Question: Let $f(x)=4x^2-3x+1$, $\forall x>\frac{3}{8}$, then number of distinct solutions of the equation $f(...

Question

Let $f(x)=4x^2-3x+1$ , $\forall x>\frac{3}{8}$ , then number of distinct solutions of the equation $f(x)=f^{-1}(x)$ is:

Answer 1

Solution

To find the number of distinct solutions of the equation $f(x) = f^{-1}(x)$ , where $f(x) = 4x^2 - 3x + 1$ for $x > \frac{3}{8}$ , we first analyze the function $f(x)$ .
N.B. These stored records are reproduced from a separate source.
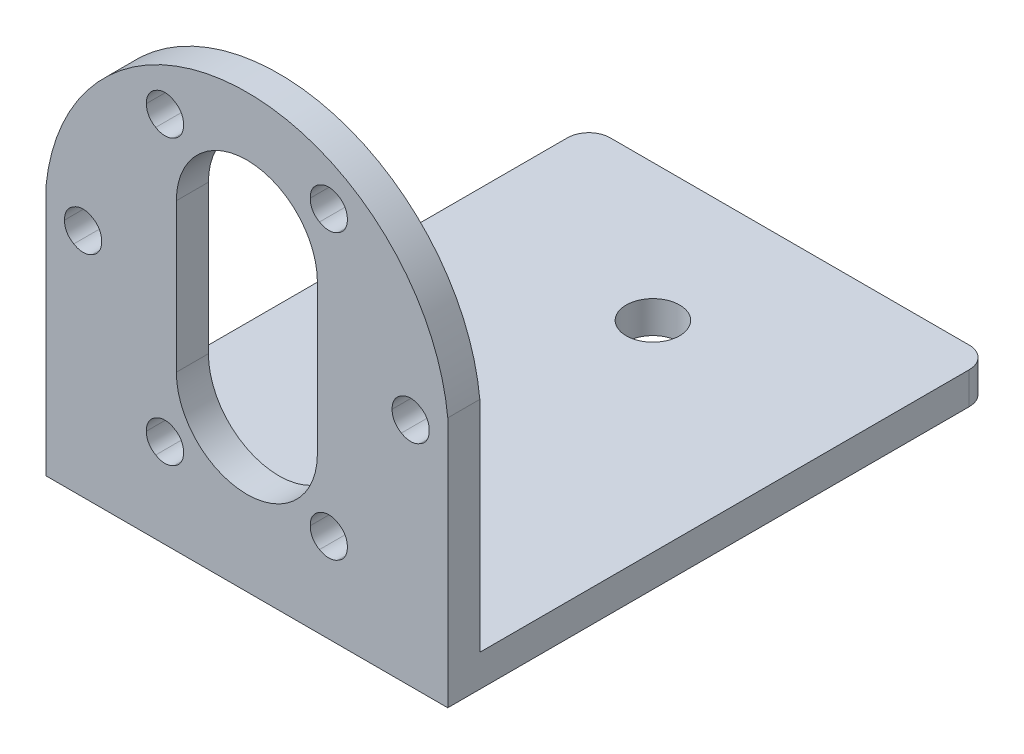
from build123d import *

# Parameters (mm, degrees)
BOSS_EXTRUDE1_DEPTH        = 3
BOSS_EXTRUDE2_DEPTH        = 1.5
BOSS_EXTRUDE2_DEPTH_BACK   = 1.5
SKETCH2_W                  = 37.6
SKETCH2_H                  = 50.8
FILLET2_R                  = 2
CUT_EXTRUDE2_REACH         = 68.746
SKETCH4_R                  = 1.6
CIRPATTERN1_COUNT          = 6
SZKIC1_R                   = 2.5
WYTNIJ_WYCI_GNI_CIE1_DEPTH = 10


with BuildPart() as part:
    # Sketch1 → Boss-Extrude1 (new body)
    with BuildSketch(Plane.XY):
        with BuildLine():
            Line((-18.8, 0), (18.8, 0))
            Line((18.8, 0), (18.8, 22))
            ThreePointArc((18.8, 22), (0, 39), (-18.8, 22))
            Line((-18.8, 22), (-18.8, 0))
        make_face()
        with BuildLine():
            Line((-6.6, 12.999434154), (-6.6, 26.899434154))
            ThreePointArc((-6.6, 26.899434154), (0, 33.5), (6.6, 26.899434154))
            Line((6.6, 26.899434154), (6.6, 12.999434154))
            ThreePointArc((6.6, 12.999434154), (0, 6.399999946), (-6.6, 12.999434154))
        make_face(mode=Mode.SUBTRACT)
    extrude(amount=BOSS_EXTRUDE1_DEPTH)

    # Sketch2 → Boss-Extrude2 (add, two sides: drawn at the far end of the back side and taken through both)
    with BuildSketch(Plane.XZ.offset(-BOSS_EXTRUDE2_DEPTH_BACK)):
        with Locations((0, -22.4)):
            Rectangle(SKETCH2_W, SKETCH2_H)
    extrude(amount=BOSS_EXTRUDE2_DEPTH + BOSS_EXTRUDE2_DEPTH_BACK)

    # Fillet2
    fillet2_edges = [part.edges().sort_by_distance(p)[0] for p in [
        (-18.8, 0, -47.8),
        (18.8, 0, -47.8),
    ]]
    fillet(fillet2_edges, radius=FILLET2_R)

    # Sketch4 → Cut-Extrude2 (cut, up to next)
    with BuildSketch(Plane.XY.offset(3), mode=Mode.PRIVATE) as cut_extrude2_sk1:
        with Locations((7.664771385, 33.22577344)):
            Circle(SKETCH4_R)
    cut_extrude2_tool1 = extrude(cut_extrude2_sk1.sketch, amount=-CUT_EXTRUDE2_REACH, mode=Mode.PRIVATE) & part.part
    # Sketch4 → Cut-Extrude2 (cut, up to next)
    with BuildSketch(Plane.XY.offset(3), mode=Mode.PRIVATE) as cut_extrude2_sk2:
        with Locations((15.32954277, 19.949999973)):
            Circle(SKETCH4_R)
    cut_extrude2_tool2 = extrude(cut_extrude2_sk2.sketch, amount=-CUT_EXTRUDE2_REACH, mode=Mode.PRIVATE) & part.part
    # Sketch4 → Cut-Extrude2 (cut, up to next)
    with BuildSketch(Plane.XY.offset(3), mode=Mode.PRIVATE) as cut_extrude2_sk3:
        with Locations((7.664771385, 6.674226506)):
            Circle(SKETCH4_R)
    cut_extrude2_tool3 = extrude(cut_extrude2_sk3.sketch, amount=-CUT_EXTRUDE2_REACH, mode=Mode.PRIVATE) & part.part
    # Sketch4 → Cut-Extrude2 (cut, up to next)
    with BuildSketch(Plane.XY.offset(3), mode=Mode.PRIVATE) as cut_extrude2_sk4:
        with Locations((-7.664771385, 6.674226506)):
            Circle(SKETCH4_R)
    cut_extrude2_tool4 = extrude(cut_extrude2_sk4.sketch, amount=-CUT_EXTRUDE2_REACH, mode=Mode.PRIVATE) & part.part
    # Sketch4 → Cut-Extrude2 (cut, up to next)
    with BuildSketch(Plane.XY.offset(3), mode=Mode.PRIVATE) as cut_extrude2_sk5:
        with Locations((-15.32954277, 19.949999973)):
            Circle(SKETCH4_R)
    cut_extrude2_tool5 = extrude(cut_extrude2_sk5.sketch, amount=-CUT_EXTRUDE2_REACH, mode=Mode.PRIVATE) & part.part
    # Sketch4 → Cut-Extrude2 (cut, up to next)
    with BuildSketch(Plane.XY.offset(3), mode=Mode.PRIVATE) as cut_extrude2_sk6:
        with Locations((-7.664771385, 33.22577344)):
            Circle(SKETCH4_R)
    cut_extrude2_tool6 = extrude(cut_extrude2_sk6.sketch, amount=-CUT_EXTRUDE2_REACH, mode=Mode.PRIVATE) & part.part
    cut_extrude2_1 = cut_extrude2_tool1.solids().sort_by_distance((7.664771, 33.225773, 3))[0]
    add(cut_extrude2_1, mode=Mode.SUBTRACT)
    cut_extrude2_2 = cut_extrude2_tool2.solids().sort_by_distance((15.329543, 19.95, 3))[0]
    add(cut_extrude2_2, mode=Mode.SUBTRACT)
    cut_extrude2_3 = cut_extrude2_tool3.solids().sort_by_distance((7.664771, 6.674227, 3))[0]
    add(cut_extrude2_3, mode=Mode.SUBTRACT)
    cut_extrude2_4 = cut_extrude2_tool4.solids().sort_by_distance((-7.664771, 6.674227, 3))[0]
    add(cut_extrude2_4, mode=Mode.SUBTRACT)
    cut_extrude2_5 = cut_extrude2_tool5.solids().sort_by_distance((-15.329543, 19.95, 3))[0]
    add(cut_extrude2_5, mode=Mode.SUBTRACT)
    cut_extrude2_6 = cut_extrude2_tool6.solids().sort_by_distance((-7.664771, 33.225773, 3))[0]
    add(cut_extrude2_6, mode=Mode.SUBTRACT)
    cut_extrude2 = cut_extrude2_1 + cut_extrude2_2 + cut_extrude2_3 + cut_extrude2_4 + cut_extrude2_5 + cut_extrude2_6  # Cut-Extrude2 as one shape, for the pattern or mirror that repeats it

    # CirPattern1: Cut-Extrude2 ×6 about axis
    cirpattern1_axis = Axis((0, 20.104705882, 3), (0, 0, -1))
    for i in range(1, CIRPATTERN1_COUNT):
        add(cut_extrude2.rotate(cirpattern1_axis, i * 360 / CIRPATTERN1_COUNT), mode=Mode.SUBTRACT)

    # Szkic1 → Wytnij-wyciągnięcie1 (cut)
    with BuildSketch(Plane(origin=(0, 1.5, 0), x_dir=(1, 0, 0), z_dir=(0, 1, 0))):
        with Locations((0, 15)):
            Circle(SZKIC1_R)
        with Locations((0, 35)):
            Circle(SZKIC1_R)
    extrude(amount=-WYTNIJ_WYCI_GNI_CIE1_DEPTH, mode=Mode.SUBTRACT)


solid = part.part
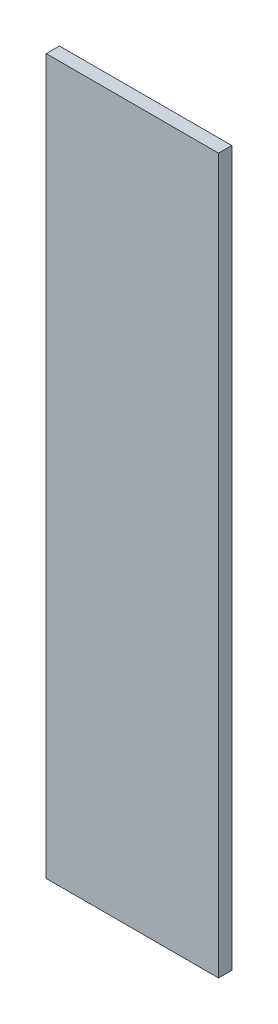
from build123d import *

# Parameters (mm, degrees)
ESQUISSE1_W        = 65.121094869
ESQUISSE1_H        = 270
BOSS_EXTRU_1_DEPTH = 5


with BuildPart() as part:
    # Esquisse1 → Boss.-Extru.1 (new body)
    with BuildSketch(Plane.XY):
        with Locations((32.560547435, 135)):
            Rectangle(ESQUISSE1_W, ESQUISSE1_H)
    extrude(amount=-BOSS_EXTRU_1_DEPTH)


solid = part.part

1. Determine the monotonicity of $f(x)$ :

The function $f(x) = 4x^2 - 3x + 1$ is a quadratic function, representing a parabola opening upwards (since the coefficient of $x^2$ is positive, $a=4>0$ ). The x-coordinate of the vertex of a parabola $ax^2 + bx + c$ is given by $x = -\frac{b}{2a}$ . For $f(x) = 4x^2 - 3x + 1$ , we have $a=4$ and $b=-3$ . So, the x-coordinate of the vertex is $x = -\frac{-3}{2 \times 4} = \frac{3}{8}$ .

The domain of $f(x)$ is given as $x > \frac{3}{8}$ . Since the parabola opens upwards and the domain is to the right of its vertex, the function $f(x)$ is strictly increasing in this domain. Alternatively, we can check the derivative: $f'(x) = \frac{d}{dx}(4x^2 - 3x + 1) = 8x - 3$ . For $x > \frac{3}{8}$ , we have $8x > 8 \times \frac{3}{8} = 3$ . So, $8x - 3 > 0$ , which means $f'(x) > 0$ for all $x$ in the given domain. This confirms that $f(x)$ is strictly increasing.

2. Relate $f(x) = f^{-1}(x)$ to $f(x) = x$ :

For a strictly monotonic function, the solutions to the equation $f(x) = f^{-1}(x)$ are the same as the solutions to the equation $f(x) = x$ . This is because if $(a,b)$ is a point on $y=f(x)$ , then $(b,a)$ is a point on $y=f^{-1}(x)$ . If $f(a)=a$ , then $(a,a)$ is on $y=f(x)$ , and also $(a,a)$ is on $y=f^{-1}(x)$ , meaning $f(a)=f^{-1}(a)=a$ . For strictly monotonic functions, there are no other intersection points between $f(x)$ and $f^{-1}(x)$ apart from those on the line $y=x$ .

3. Solve the equation $f(x) = x$ :

Set $f(x)$ equal to $x$ : $4x^2 - 3x + 1 = x$

Rearrange the terms to form a quadratic equation: $4x^2 - 3x - x + 1 = 0$ $4x^2 - 4x + 1 = 0$

4. Find the solutions for $x$ :

This quadratic equation can be factored as a perfect square: $(2x)^2 - 2(2x)(1) + 1^2 = 0$ $(2x - 1)^2 = 0$

Taking the square root of both sides: $2x - 1 = 0$ $2x = 1$ $x = \frac{1}{2}$

5. Check if the solution is in the given domain:

The domain of $f(x)$ is $x > \frac{3}{8}$ . We need to check if $x = \frac{1}{2}$ satisfies this condition. $\frac{1}{2} = \frac{4}{8}$ . Since $\frac{4}{8} > \frac{3}{8}$ , the solution $x = \frac{1}{2}$ is valid.

Since there is only one distinct solution ( $x = \frac{1}{2}$ ) that satisfies the given domain, the number of distinct solutions for $f(x) = f^{-1}(x)$ is 1.